Litigation and Settlements

 

Raymond Akers Actions

 

On April 14, 2021, Raymond F. Akers, Jr., Ph.D. filed a lawsuit against MyMD Pharmaceuticals, Inc. (p/k/a Akers Biosciences, Inc.) in the Superior Court of New Jersey, Law Division, Gloucester County (the “First Raymond Akers Action”). Mr. Akers asserts one common law whistleblower retaliation claim against the Company.

 

On September 23, 2021, the Court granted MyMD Pharmaceutical, Inc.’s (“MyMD’s”) Motion to Dismiss Plaintiff’s Amended Complaint and dismissed Plaintiff’s Amended Complaint. The Court indicated that Mr. Akers is “free to file another complaint, however, tort-based ‘Pierce’ allegations, and/or CEPA claims are barred by the statute of limitations.”

 

On March 1, 2022, Mr. Akers filed a second action against MyMD in the Superior Court of New Jersey, Law Division, Gloucester County (the “Second Raymond Akers Action”) again asserting one common law whistleblower retaliation claim against the Company.

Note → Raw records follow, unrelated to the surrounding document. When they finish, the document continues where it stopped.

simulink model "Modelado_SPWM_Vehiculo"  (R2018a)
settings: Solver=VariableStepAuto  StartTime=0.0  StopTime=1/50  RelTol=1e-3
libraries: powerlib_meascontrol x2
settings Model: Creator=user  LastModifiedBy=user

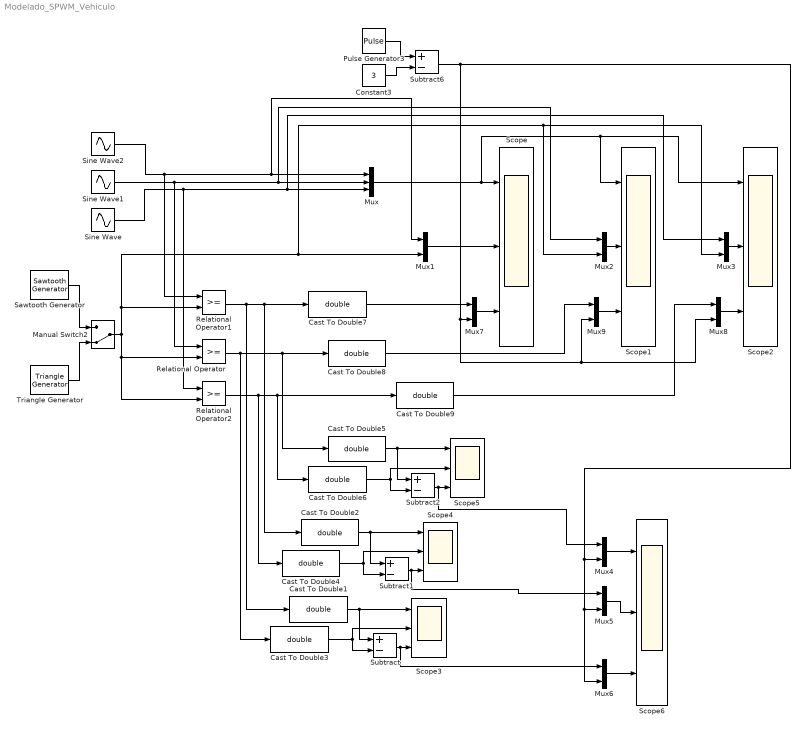
== system Modelado_SPWM_Vehiculo ==
  Cast To Double{1..9} (9 alike) : DataTypeConversion  OutDataTypeStr=double
  Constant3 : Constant  Value=3
  Manual Switch2 : ManualSwitch  CurrentSetting=0
  Mux : Mux  Inputs=3
  Mux{1..9} (9 alike) : Mux  Inputs=2
  Pulse Generator3 : DiscretePulseGenerator  PulseType=Time based  Amplitude=6  Period=1/500  PulseWidth=50  VectorParams1D=off
  Relational Operator : RelationalOperator  OutDataTypeStr=boolean  RndMeth=Simplest
  Relational Operator1 : RelationalOperator  OutDataTypeStr=boolean  RndMeth=Simplest
  Relational Operator2 : RelationalOperator  OutDataTypeStr=boolean  RndMeth=Simplest
  Sawtooth Generator : powerlib_meascontrol/Pulse & Signal Generators/Sawtooth Generator  Freq=1e3  Phase=180  Ts=0
      settings: SourceProductName=Simscape Power Systems
  Scope{,1..6} (7 alike) : Scope  NumInputPorts=3
  Sine Wave : Sin  Frequency=2*pi*50  Phase=4*pi/3  SampleTime=0
  Sine Wave1 : Sin  Frequency=2*pi*50  Phase=2*pi/3  SampleTime=0
  Sine Wave2 : Sin  Frequency=2*pi*50  SampleTime=0
  Subtract{,1..2,6} (4 alike) : Sum  Inputs=+-
  Triangle Generator : powerlib_meascontrol/Pulse & Signal Generators/Triangle Generator  Freq=1e3  Phase=0  Ts=0
  wires:
  Sine Wave/1 -> Relational Operator2/1, Mux3/1, Mux/3
  Mux/1 -> Scope2/1, Scope1/1, Scope/1
  Sine Wave1/1 -> Relational Operator/1, Mux/2, Mux2/1
  Sine Wave2/1 -> Relational Operator1/1, Mux/1, Mux1/1
  Mux1/1 -> Scope/2
  Mux2/1 -> Scope1/2
  Mux3/1 -> Scope2/2
  Relational Operator2/1 -> Cast To Double4/1, Cast To Double6/1, Cast To Double9/1
  Subtract/1 -> Mux6/1, Scope3/3
  Relational Operator/1 -> Cast To Double3/1, Cast To Double5/1, Cast To Double8/1
  Relational Operator1/1 -> Cast To Double1/1, Cast To Double2/1, Cast To Double7/1
  Manual Switch2/1 -> Mux2/2, Mux3/2, Mux1/2, Relational Operator1/2, Relational Operator2/2, Relational Operator/2
  Cast To Double1/1 -> Scope3/1, Subtract/1
  Cast To Double3/1 -> Scope3/2, Subtract/2
  Cast To Double2/1 -> Scope4/1, Subtract1/1
  Cast To Double4/1 -> Scope4/2, Subtract1/2
  Subtract1/1 -> Mux5/1, Scope4/3
  Cast To Double5/1 -> Scope5/1, Subtract2/1
  Cast To Double6/1 -> Scope5/2, Subtract2/2
  Mux4/1 -> Scope6/1
  Mux6/1 -> Scope6/3
  Subtract2/1 -> Mux4/1, Scope5/3
  Mux5/1 -> Scope6/2
  Mux7/1 -> Scope/3
  Cast To Double7/1 -> Mux7/1
  Constant3/1 -> Subtract6/2
  Pulse Generator3/1 -> Subtract6/1
  Subtract6/1 -> Mux4/2, Mux5/2, Mux6/2, Mux7/2, Mux8/2, Mux9/2
  Mux9/1 -> Scope1/3
  Mux8/1 -> Scope2/3
  Cast To Double8/1 -> Mux9/1
  Cast To Double9/1 -> Mux8/1
  Sawtooth Generator/1 -> Manual Switch2/1
  Triangle Generator/1 -> Manual Switch2/2

The Company believes that the Second Raymond Akers Action is without merit and, moreover, was filed against the Court’s specific admonition that Plaintiff does not attempt to circumvent the statute of limitations.

 

On May 27, 2022, the Court granted-in-part and denied-in-part MyMD’s Motion to Dismiss Plaintiff’s Complaint. The Court reaffirmed the ruling in the First Raymond Akers Action that any tort-based Pierce claims are time-barred. However, the Court denied the Motion as it pertained to Plaintiff’s contract-based Pierce claim and “Repayment of Monies Owed” claim. On July 29, 2022, MyMD filed its Answer, which included affirmative defenses. As of March 31, 2024, the Second Raymond Akers Action is in the discovery phase.

 

All legal fees incurred were expensed as and when incurred.